(Stored items from a collection)

=-=-=

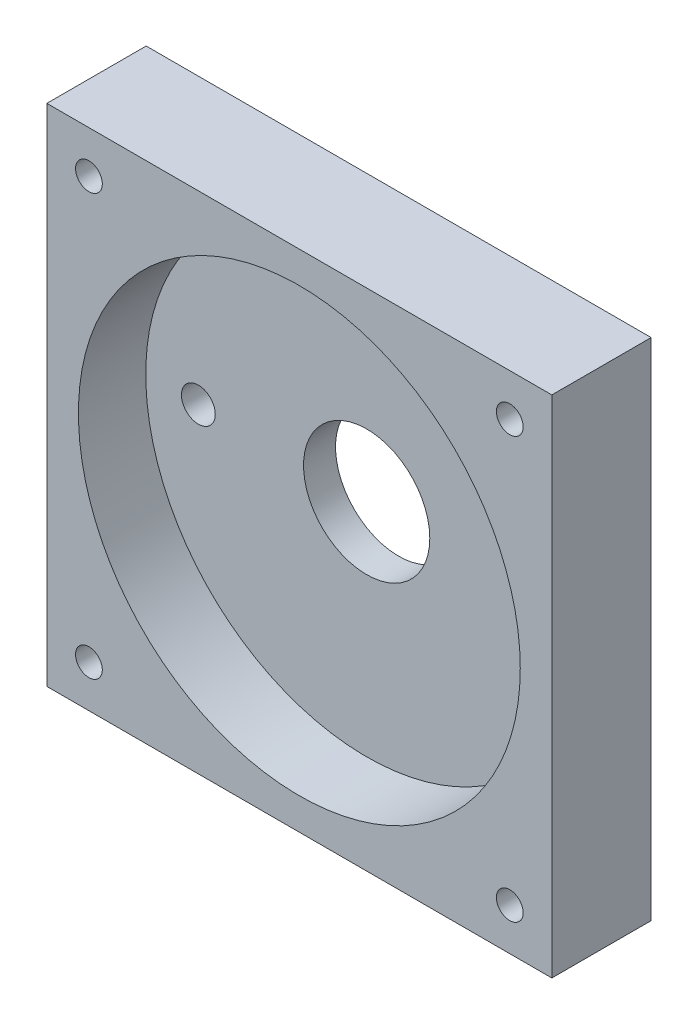
from build123d import *

# Parameters (mm, degrees)
SKETCH1_W               = 76.2
SKETCH1_H               = 76.2
BOSS_EXTRUDE1_DEPTH     = 12.7
SKETCH2_R               = 33.3375
CUT_EXTRUDE1_DEPTH      = 10.16
SKETCH3_R               = 9.525
CUT_EXTRUDE2_DEPTH      = 19.05
CUT_EXTRUDE3_DEPTH      = 55.831064188
CUT_EXTRUDE3_DEPTH_BACK = 55.831064188
SKETCH4_R               = 1.27
SKETCH4_R_2             = 2.5527
F_10_32_TAPPED_HOLE1_D  = 4.0386
BOSS_EXTRUDE2_START     = 2.286
SKETCH7_W               = 76.2
SKETCH7_H               = 76.2
SKETCH7_R               = 2.5527
SKETCH7_R_2             = 2.0193
SKETCH7_R_3             = 9.525
BOSS_EXTRUDE2_DEPTH     = 2.286


with BuildPart() as part:
    # Sketch1 → Boss-Extrude1 (new body)
    with BuildSketch(Plane.XY):
        Rectangle(SKETCH1_W, SKETCH1_H)
    extrude(amount=BOSS_EXTRUDE1_DEPTH)

    # Sketch2 → Cut-Extrude1 (cut)
    with BuildSketch(Plane.XY.offset(12.7)):
        Circle(SKETCH2_R)
    extrude(amount=-CUT_EXTRUDE1_DEPTH, mode=Mode.SUBTRACT)

    # Sketch3 → Cut-Extrude2 (cut)
    with BuildSketch(Plane.XY.offset(2.54)):
        Circle(SKETCH3_R)
    extrude(amount=-CUT_EXTRUDE2_DEPTH, mode=Mode.SUBTRACT)

    # Sketch4 → Cut-Extrude3 (cut, two sides: drawn at the far end of the back side and taken through both)
    with BuildSketch(Plane.XY.offset(2.54).offset(-CUT_EXTRUDE3_DEPTH_BACK)):
        with Locations((-31.75, 31.75)):
            Circle(SKETCH4_R)
        with Locations((31.75, 31.75)):
            Circle(SKETCH4_R)
        with Locations((31.75, -31.75)):
            Circle(SKETCH4_R)
        with Locations((-31.75, -31.75)):
            Circle(SKETCH4_R)
        with Locations((-25.4, 0)):
            Circle(SKETCH4_R_2)
        with Locations((25.4, 0)):
            Circle(SKETCH4_R_2)
    extrude(amount=CUT_EXTRUDE3_DEPTH + CUT_EXTRUDE3_DEPTH_BACK, mode=Mode.SUBTRACT)

    # #10-32 Tapped Hole1 (through all)
    with Locations(Plane.XY.offset(12.7)):
        with Locations((-31.75, 31.75), (-31.75, -31.75), (31.75, -31.75), (31.75, 31.75)):
            Hole(F_10_32_TAPPED_HOLE1_D / 2)

    # Sketch7 → Boss-Extrude2 (add)
    with BuildSketch(Plane(origin=(0, 0, 0), x_dir=(-1, 0, 0), z_dir=(0, 0, -1)).offset(BOSS_EXTRUDE2_START)):
        Rectangle(SKETCH7_W, SKETCH7_H)
        with Locations(Location((-25.4, 0, 0), (0, 0, 180))):
            Circle(SKETCH7_R, mode=Mode.SUBTRACT)
        with Locations(Location((-31.75, 31.75, 0), (0, 0, 180))):
            Circle(SKETCH7_R_2, mode=Mode.SUBTRACT)
        with Locations(Location((0, 0, 0), (0, 0, 180))):
            Circle(SKETCH7_R_3, mode=Mode.SUBTRACT)
        with Locations(Location((25.4, 0, 0), (0, 0, 180))):
            Circle(SKETCH7_R, mode=Mode.SUBTRACT)
        with Locations(Location((31.75, 31.75, 0), (0, 0, 180))):
            Circle(SKETCH7_R_2, mode=Mode.SUBTRACT)
        with Locations(Location((31.75, -31.75, 0), (0, 0, 180))):
            Circle(SKETCH7_R_2, mode=Mode.SUBTRACT)
        with Locations(Location((-31.75, -31.75, 0), (0, 0, 180))):
            Circle(SKETCH7_R_2, mode=Mode.SUBTRACT)
    extrude(amount=-BOSS_EXTRUDE2_DEPTH)


solid = part.part
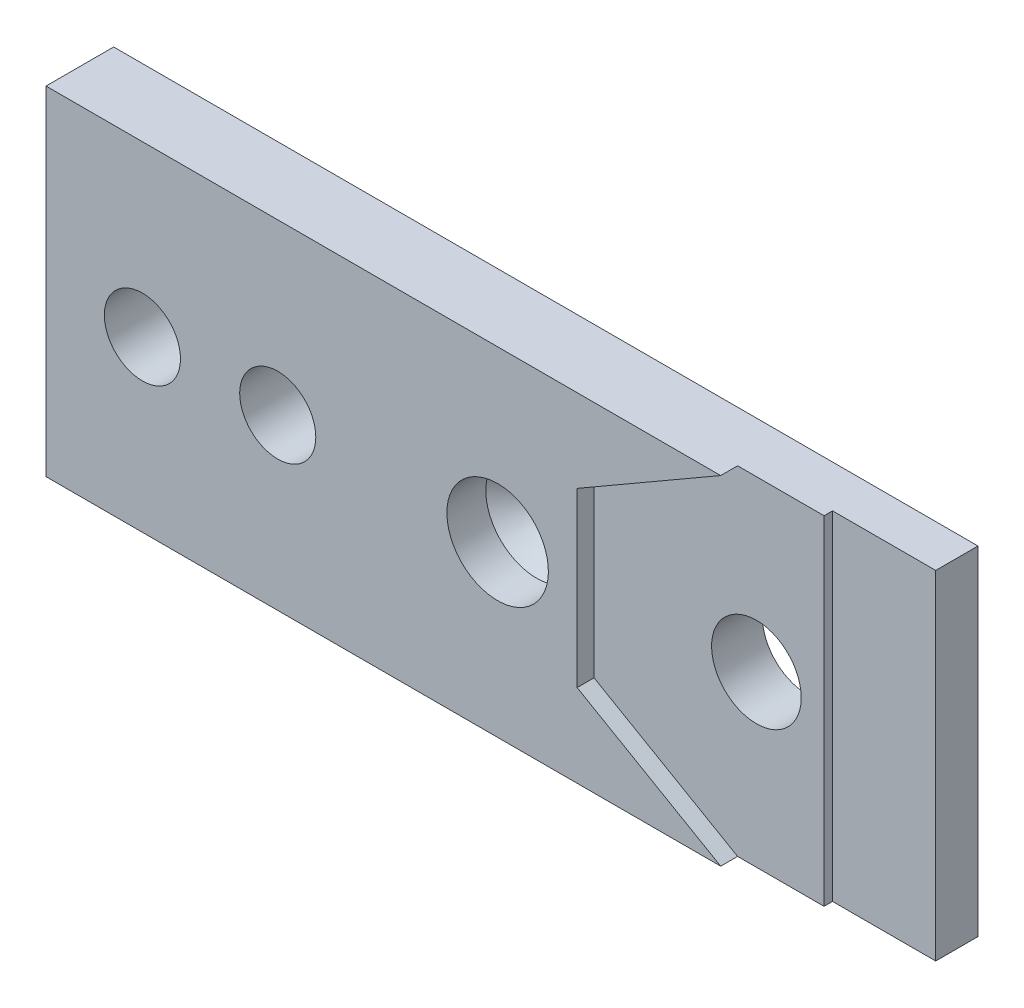
from build123d import *

# Parameters (mm, degrees)
AUFSATZ_LINEAR_AUSTRAGEN1_DEPTH    = 20
SKIZZE2_R                          = 1.6499999999999988
SKIZZE2_R_2                        = 2.65
SKIZZE2_R_3                        = 2.250000000000001
SCHNITT_LINEAR_AUSTRAGEN1_DEPTH    = 3
SKIZZE3_R                          = 2.250000000000001
SKIZZE3_R_2                        = 1.6499999999999988
AUFSATZ_LINEAR_AUSTRAGEN2_DEPTH    = 1
SKIZZE5_W                          = 1.9999999999999998
SKIZZE5_H                          = 2
SCHNITT_LINEAR_AUSTRAGEN2_DEPTH    = 1
K_RPER_VERSCHIEBEN_KOPIEREN1_ANGLE = 90.00000000007478


with BuildPart() as part:
    # Skizze1 → Aufsatz-Linear austragen1 (new body)
    with BuildSketch(Plane.XY):
        Polygon((0, 0), (51.099999999999994, 0), (51.1, 2.5), (45, 2.499999999999999), (45, 3.0000000000000058), (6e-16, 3), align=None)
    extrude(amount=AUFSATZ_LINEAR_AUSTRAGEN1_DEPTH)

    # Skizze2 → Schnitt-Linear austragen1 (cut)
    with BuildSketch(Plane.XZ):
        with Locations(Location((26.699999999999996, 9.999999999999998, 0), (0, 0, 270))):
            Circle(SKIZZE2_R)
        with Locations(Location((40.99999999999999, 10, 0), (0, 0, 270))):
            Circle(SKIZZE2_R_2)
        with Locations(Location((13.699999999999996, 10, 0), (0, 0, 270))):
            Circle(SKIZZE2_R_3)
        with Locations(Location((5.699999999999995, 9.999999999999998, 0), (0, 0, 270))):
            Circle(SKIZZE2_R_3)
    extrude(amount=-SCHNITT_LINEAR_AUSTRAGEN1_DEPTH, mode=Mode.SUBTRACT)

    # Skizze3 → Aufsatz-Linear austragen2 (add)
    with BuildSketch(Plane(origin=(-3.8e-16, 3, 0), x_dir=(1, 1.2e-16, 0), z_dir=(-1.2e-16, 1, 0))):
        Polygon((39.887048957087536, 0), (9.5e-16, 0), (9.5e-16, -8), (-1.9999999999999987, -8), (-1.9999999999999987, -10), (9.5e-16, -10), (9.5e-16, -20), (39.887048957087536, -19.99999999999999), (31.39999999999999, -15.1), (31.39999999999999, -4.900000000000001), align=None)
        with Locations((5.699999999999995, -9.999999999999998)):
            Circle(SKIZZE3_R, mode=Mode.SUBTRACT)
        with Locations((13.699999999999996, -10)):
            Circle(SKIZZE3_R, mode=Mode.SUBTRACT)
        with Locations((26.699999999999996, -9.999999999999998)):
            Circle(SKIZZE3_R_2, mode=Mode.SUBTRACT)
    extrude(amount=AUFSATZ_LINEAR_AUSTRAGEN2_DEPTH)

    # Skizze4 → Schnitt-Rotation3 (revolve, cut)
    with BuildSketch(Plane.XY.offset(10), mode=Mode.PRIVATE) as schnitt_rotation3_sk:
        Polygon((23.699999999999996, 3.9999999999999964), (23.699999999999996, 1.699999999999991), (25.199999999999992, 0.2), (26.699999999999996, 0.2000000000000001), (26.699999999999996, 3.9999999999999964), align=None)
    revolve(schnitt_rotation3_sk.sketch.rotate(Axis((26.699999999999996, 0.2000000000000001, 10), (0, 1, 0)), 270), axis=Axis((26.699999999999996, 0.2000000000000001, 10), (0, 1, 0)), mode=Mode.SUBTRACT)

    # Skizze5 → Schnitt-Linear austragen2 (cut)
    with BuildSketch(Plane(origin=(0, 4, 0), x_dir=(1, 0, 0), z_dir=(0, 1, 0))):
        with Locations((-1, -9)):
            Rectangle(SKIZZE5_W, SKIZZE5_H)
    extrude(amount=-SCHNITT_LINEAR_AUSTRAGEN2_DEPTH, mode=Mode.SUBTRACT)


with BuildPart() as part_1:
    # Körper-Verschieben/Kopieren1: moved
    add(part.part.rotate(Axis((0, 1.500000000000004, 9.999999999999998), (1, 0, 0)), K_RPER_VERSCHIEBEN_KOPIEREN1_ANGLE))


solid = part_1.part
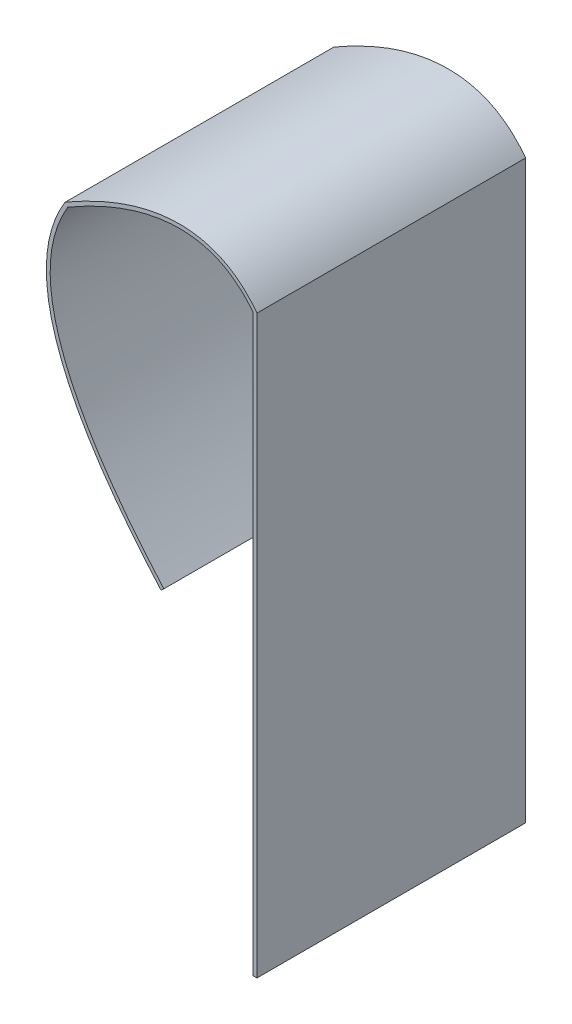
from build123d import *

# Parameters (mm, degrees)
BOSS_EXTRUDE1_DEPTH = 3.5


with BuildPart() as part:
    # Sketch1 → Boss-Extrude1 (new, symmetric)
    with BuildSketch(Plane.XY):
        with BuildLine():
            Line((2.4, 7.466328203), (2.4, -7.5))
            Line((2.4, -7.5), (2.5, -7.5))
            Line((2.5, -7.5), (2.5, 7.5))
            add(Edge.make_bspline(
                [(-2.5, 7.5), (0.732089956, 9.38809724), (2.012606559, 8.148224294), (2.5, 7.5)],
                knots=[0, 0, 0, 0, 0.389137861, 0.389137861, 0.389137861, 0.389137861], degree=3))
            add(Edge.make_bspline(
                [(0, 0), (-4.191165093, 4.731195218), (-2.5, 7.5)],
                knots=[0, 0, 0, 1, 1, 1], degree=2))
            Line((0, 0), (0.074853494, 0.066309535))
            add(Edge.make_bspline(
                [(0.074853494, 0.066309535), (-0.093791661, 0.256684558), (-0.431770991, 0.650252677), (-1.030049546, 1.397771592), (-1.66925152, 2.299603296), (-2.25109855, 3.315553542), (-2.78401216, 4.586719032), (-3.000249348, 6.004400443), (-2.689822863, 6.989933759), (-2.427656371, 7.426417751)],
                knots=[0, 0, 0, 0, 0.062251002, 0.124502004, 0.249004008, 0.373506012, 0.498008016, 0.747012024, 0.996016032, 0.996016032, 0.996016032, 0.996016032], degree=3))
            add(Edge.make_bspline(
                [(-2.427656371, 7.426417751), (-2.241548215, 7.534614319), (-1.848195901, 7.748393532), (-1.157307646, 8.066524479), (-0.385624423, 8.321052554), (0.379329932, 8.425540159), (1.21305629, 8.359903642), (1.794915321, 8.075103931), (2.197888606, 7.714607887), (2.332031364, 7.554882745), (2.4, 7.466328203)],
                knots=[0.000887497, 0.000887497, 0.000887497, 0.000887497, 0.024816904, 0.04874631, 0.096605122, 0.144463935, 0.192322747, 0.288040372, 0.335899184, 0.383757997, 0.383757997, 0.383757997, 0.383757997], degree=3))
        make_face()
    extrude(amount=BOSS_EXTRUDE1_DEPTH, both=True)


solid = part.part
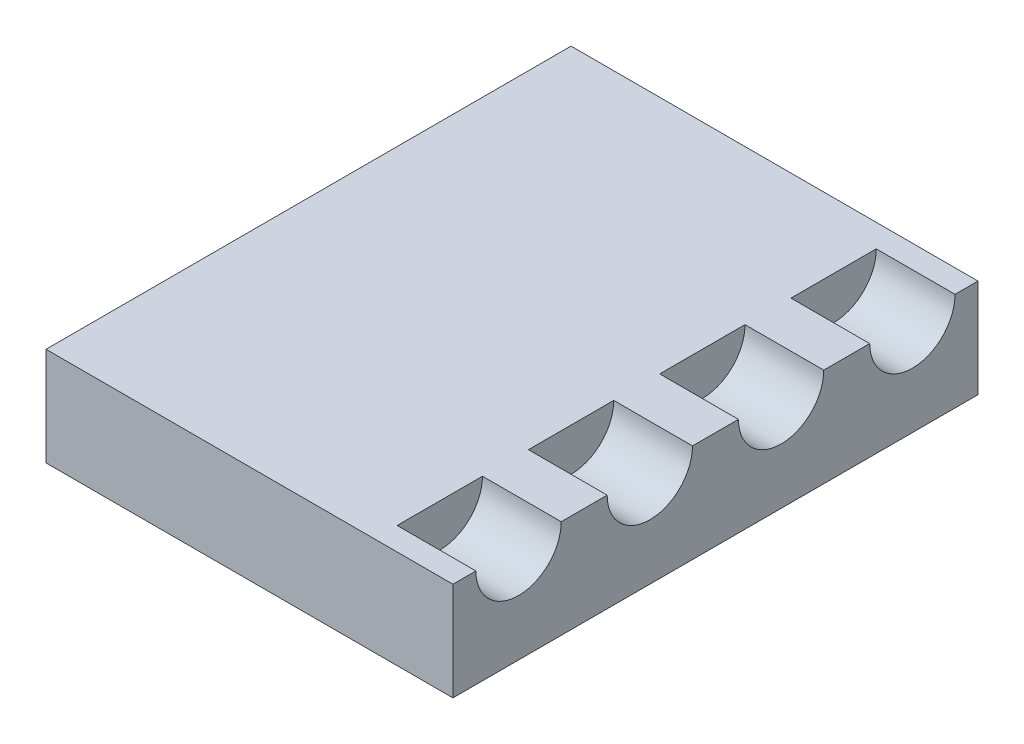
from build123d import *

# Parameters (mm, degrees)
BOSS_EXTRUDE1_DEPTH = 12
SKETCH2_W           = 80
SKETCH2_H           = 15
BOSS_EXTRUDE2_DEPTH = 50


with BuildPart() as part:
    # Sketch1 → Boss-Extrude1 (new body)
    with BuildSketch(Plane(origin=(0, 0, 0), x_dir=(0, 0, -1), z_dir=(1, 0, 0))):
        with BuildLine():
            Line((40, 0), (36.5, 0))
            ThreePointArc((36.5, 0), (30, -6.5), (23.5, 0))
            Line((23.5, 0), (16.5, 0))
            ThreePointArc((16.5, 0), (10, -6.5), (3.5, 0))
            Line((3.5, 0), (-3.5, 0))
            ThreePointArc((-3.5, 0), (-10, -6.5), (-16.5, 0))
            Line((-16.5, 0), (-23.5, 0))
            ThreePointArc((-23.5, 0), (-30, -6.5), (-36.5, 0))
            Line((-36.5, 0), (-40, 0))
            Line((-40, 0), (-40, -15))
            Line((-40, -15), (40, -15))
            Line((40, -15), (40, 0))
        make_face()
    extrude(amount=BOSS_EXTRUDE1_DEPTH)

    # Sketch2 → Boss-Extrude2 (add)
    with BuildSketch(Plane.ZY):
        with Locations((0, -7.5)):
            Rectangle(SKETCH2_W, SKETCH2_H)
    extrude(amount=BOSS_EXTRUDE2_DEPTH)


solid = part.part

=-=-=

**TASK ITEM**. In the lines above, find the word "amount" and copy every line it occurs in.

**SOLUTION TO THE EXERCISE**.
    extrude(amount=BOSS_EXTRUDE1_DEPTH)
    extrude(amount=-CUT_EXTRUDE1_DEPTH, mode=Mode.SUBTRACT)
    extrude(amount=-CUT_EXTRUDE2_DEPTH, mode=Mode.SUBTRACT)
    extrude(amount=CUT_EXTRUDE3_DEPTH + CUT_EXTRUDE3_DEPTH_BACK, mode=Mode.SUBTRACT)
    extrude(amount=-BOSS_EXTRUDE2_DEPTH)
    extrude(amount=AUFSATZ_LINEAR_AUSTRAGEN1_DEPTH)
    extrude(amount=-SCHNITT_LINEAR_AUSTRAGEN1_DEPTH, mode=Mode.SUBTRACT)
    extrude(amount=AUFSATZ_LINEAR_AUSTRAGEN2_DEPTH)
    extrude(amount=-SCHNITT_LINEAR_AUSTRAGEN2_DEPTH, mode=Mode.SUBTRACT)
    extrude(amount=BOSS_EXTRUDE1_DEPTH, both=True)
    extrude(amount=BOSS_EXTRUDE1_DEPTH)
    extrude(amount=BOSS_EXTRUDE2_DEPTH)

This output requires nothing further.